### [Aim of the task]
Each entry needs to be reproduced verbatim.

Data records
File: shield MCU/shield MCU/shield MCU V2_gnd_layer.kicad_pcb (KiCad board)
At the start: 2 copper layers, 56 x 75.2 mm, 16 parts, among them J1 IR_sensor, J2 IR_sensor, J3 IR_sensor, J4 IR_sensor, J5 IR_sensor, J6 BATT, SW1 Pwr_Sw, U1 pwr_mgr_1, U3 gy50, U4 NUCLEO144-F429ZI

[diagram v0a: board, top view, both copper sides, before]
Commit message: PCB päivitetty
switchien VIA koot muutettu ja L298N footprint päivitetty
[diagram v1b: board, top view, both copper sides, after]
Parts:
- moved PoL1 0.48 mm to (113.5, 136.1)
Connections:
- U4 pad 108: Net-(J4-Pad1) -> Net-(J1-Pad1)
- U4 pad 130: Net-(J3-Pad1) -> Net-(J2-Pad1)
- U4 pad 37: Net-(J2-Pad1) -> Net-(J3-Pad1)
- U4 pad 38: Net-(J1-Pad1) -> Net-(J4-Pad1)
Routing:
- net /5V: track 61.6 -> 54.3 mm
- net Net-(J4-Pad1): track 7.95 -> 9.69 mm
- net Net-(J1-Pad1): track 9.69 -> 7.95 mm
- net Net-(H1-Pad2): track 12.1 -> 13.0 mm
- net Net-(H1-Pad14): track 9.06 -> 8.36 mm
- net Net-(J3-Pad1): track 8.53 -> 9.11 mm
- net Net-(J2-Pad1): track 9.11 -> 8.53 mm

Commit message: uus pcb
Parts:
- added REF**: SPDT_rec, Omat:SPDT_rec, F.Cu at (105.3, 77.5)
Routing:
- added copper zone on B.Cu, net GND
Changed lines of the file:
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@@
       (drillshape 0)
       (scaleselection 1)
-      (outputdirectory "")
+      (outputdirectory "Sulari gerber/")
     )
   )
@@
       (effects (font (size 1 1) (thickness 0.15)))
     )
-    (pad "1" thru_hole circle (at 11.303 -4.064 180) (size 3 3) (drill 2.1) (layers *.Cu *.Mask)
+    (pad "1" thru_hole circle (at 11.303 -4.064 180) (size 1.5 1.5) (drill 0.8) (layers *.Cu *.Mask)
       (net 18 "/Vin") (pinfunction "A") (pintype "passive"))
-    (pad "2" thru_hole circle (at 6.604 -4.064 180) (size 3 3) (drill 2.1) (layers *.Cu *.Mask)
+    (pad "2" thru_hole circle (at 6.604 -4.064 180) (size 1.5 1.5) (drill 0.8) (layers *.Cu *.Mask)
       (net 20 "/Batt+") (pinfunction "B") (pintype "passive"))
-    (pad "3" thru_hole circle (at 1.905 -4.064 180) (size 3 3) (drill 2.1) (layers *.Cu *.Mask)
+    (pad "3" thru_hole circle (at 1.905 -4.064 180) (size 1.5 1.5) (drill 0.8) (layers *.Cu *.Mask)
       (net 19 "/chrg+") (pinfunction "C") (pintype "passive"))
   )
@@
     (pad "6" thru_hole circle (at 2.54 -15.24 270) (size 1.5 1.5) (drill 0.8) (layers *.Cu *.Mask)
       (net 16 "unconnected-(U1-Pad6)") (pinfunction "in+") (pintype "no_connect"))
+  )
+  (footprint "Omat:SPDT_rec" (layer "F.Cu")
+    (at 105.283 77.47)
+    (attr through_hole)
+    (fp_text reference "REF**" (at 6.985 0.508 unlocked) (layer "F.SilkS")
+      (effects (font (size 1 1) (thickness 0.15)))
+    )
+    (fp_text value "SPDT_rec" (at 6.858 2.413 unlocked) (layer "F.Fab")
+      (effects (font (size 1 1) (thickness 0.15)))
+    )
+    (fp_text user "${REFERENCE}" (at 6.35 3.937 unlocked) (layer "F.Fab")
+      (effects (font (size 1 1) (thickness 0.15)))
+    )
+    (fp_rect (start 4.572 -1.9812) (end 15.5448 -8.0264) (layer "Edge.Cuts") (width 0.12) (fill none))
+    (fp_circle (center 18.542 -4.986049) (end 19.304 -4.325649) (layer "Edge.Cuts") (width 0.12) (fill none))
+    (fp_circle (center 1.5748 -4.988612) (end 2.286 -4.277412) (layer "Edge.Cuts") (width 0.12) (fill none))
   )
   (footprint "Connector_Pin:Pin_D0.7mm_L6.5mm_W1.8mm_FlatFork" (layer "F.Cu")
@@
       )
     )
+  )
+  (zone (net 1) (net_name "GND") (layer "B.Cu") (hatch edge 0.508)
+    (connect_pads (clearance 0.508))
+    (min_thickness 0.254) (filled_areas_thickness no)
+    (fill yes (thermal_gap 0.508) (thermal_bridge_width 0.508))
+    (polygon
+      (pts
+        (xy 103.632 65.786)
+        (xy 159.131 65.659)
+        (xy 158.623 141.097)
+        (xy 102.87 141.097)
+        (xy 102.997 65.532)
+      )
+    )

### [Response]
File: shield MCU/shield MCU/shield MCU V2_gnd_layer.kicad_pcb (KiCad board)
At the start: 2 copper layers, 56 x 75.2 mm, 16 parts, among them J1 IR_sensor, J2 IR_sensor, J3 IR_sensor, J4 IR_sensor, J5 IR_sensor, J6 BATT, SW1 Pwr_Sw, U1 pwr_mgr_1, U3 gy50, U4 NUCLEO144-F429ZI

[diagram v0a: board, top view, both copper sides, before]
Commit message: PCB päivitetty
switchien VIA koot muutettu ja L298N footprint päivitetty
[diagram v1b: board, top view, both copper sides, after]
Parts:
- moved PoL1 0.48 mm to (113.5, 136.1)
Connections:
- U4 pad 108: Net-(J4-Pad1) -> Net-(J1-Pad1)
- U4 pad 130: Net-(J3-Pad1) -> Net-(J2-Pad1)
- U4 pad 37: Net-(J2-Pad1) -> Net-(J3-Pad1)
- U4 pad 38: Net-(J1-Pad1) -> Net-(J4-Pad1)
Routing:
- net /5V: track 61.6 -> 54.3 mm
- net Net-(J4-Pad1): track 7.95 -> 9.69 mm
- net Net-(J1-Pad1): track 9.69 -> 7.95 mm
- net Net-(H1-Pad2): track 12.1 -> 13.0 mm
- net Net-(H1-Pad14): track 9.06 -> 8.36 mm
- net Net-(J3-Pad1): track 8.53 -> 9.11 mm
- net Net-(J2-Pad1): track 9.11 -> 8.53 mm

Commit message: uus pcb
Parts:
- added REF**: SPDT_rec, Omat:SPDT_rec, F.Cu at (105.3, 77.5)
Routing:
- added copper zone on B.Cu, net GND
Changed lines of the file:
@@
       (drillshape 0)
       (scaleselection 1)
-      (outputdirectory "")
+      (outputdirectory "Sulari gerber/")
     )
   )
@@
       (effects (font (size 1 1) (thickness 0.15)))
     )
-    (pad "1" thru_hole circle (at 11.303 -4.064 180) (size 3 3) (drill 2.1) (layers *.Cu *.Mask)
+    (pad "1" thru_hole circle (at 11.303 -4.064 180) (size 1.5 1.5) (drill 0.8) (layers *.Cu *.Mask)
       (net 18 "/Vin") (pinfunction "A") (pintype "passive"))
-    (pad "2" thru_hole circle (at 6.604 -4.064 180) (size 3 3) (drill 2.1) (layers *.Cu *.Mask)
+    (pad "2" thru_hole circle (at 6.604 -4.064 180) (size 1.5 1.5) (drill 0.8) (layers *.Cu *.Mask)
       (net 20 "/Batt+") (pinfunction "B") (pintype "passive"))
-    (pad "3" thru_hole circle (at 1.905 -4.064 180) (size 3 3) (drill 2.1) (layers *.Cu *.Mask)
+    (pad "3" thru_hole circle (at 1.905 -4.064 180) (size 1.5 1.5) (drill 0.8) (layers *.Cu *.Mask)
       (net 19 "/chrg+") (pinfunction "C") (pintype "passive"))
   )
@@
     (pad "6" thru_hole circle (at 2.54 -15.24 270) (size 1.5 1.5) (drill 0.8) (layers *.Cu *.Mask)
       (net 16 "unconnected-(U1-Pad6)") (pinfunction "in+") (pintype "no_connect"))
+  )
+  (footprint "Omat:SPDT_rec" (layer "F.Cu")
+    (at 105.283 77.47)
+    (attr through_hole)
+    (fp_text reference "REF**" (at 6.985 0.508 unlocked) (layer "F.SilkS")
+      (effects (font (size 1 1) (thickness 0.15)))
+    )
+    (fp_text value "SPDT_rec" (at 6.858 2.413 unlocked) (layer "F.Fab")
+      (effects (font (size 1 1) (thickness 0.15)))
+    )
+    (fp_text user "${REFERENCE}" (at 6.35 3.937 unlocked) (layer "F.Fab")
+      (effects (font (size 1 1) (thickness 0.15)))
+    )
+    (fp_rect (start 4.572 -1.9812) (end 15.5448 -8.0264) (layer "Edge.Cuts") (width 0.12) (fill none))
+    (fp_circle (center 18.542 -4.986049) (end 19.304 -4.325649) (layer "Edge.Cuts") (width 0.12) (fill none))
+    (fp_circle (center 1.5748 -4.988612) (end 2.286 -4.277412) (layer "Edge.Cuts") (width 0.12) (fill none))
   )
   (footprint "Connector_Pin:Pin_D0.7mm_L6.5mm_W1.8mm_FlatFork" (layer "F.Cu")
@@
       )
     )
+  )
+  (zone (net 1) (net_name "GND") (layer "B.Cu") (hatch edge 0.508)
+    (connect_pads (clearance 0.508))
+    (min_thickness 0.254) (filled_areas_thickness no)
+    (fill yes (thermal_gap 0.508) (thermal_bridge_width 0.508))
+    (polygon
+      (pts
+        (xy 103.632 65.786)
+        (xy 159.131 65.659)
+        (xy 158.623 141.097)
+        (xy 102.87 141.097)
+        (xy 102.997 65.532)
+      )
+    )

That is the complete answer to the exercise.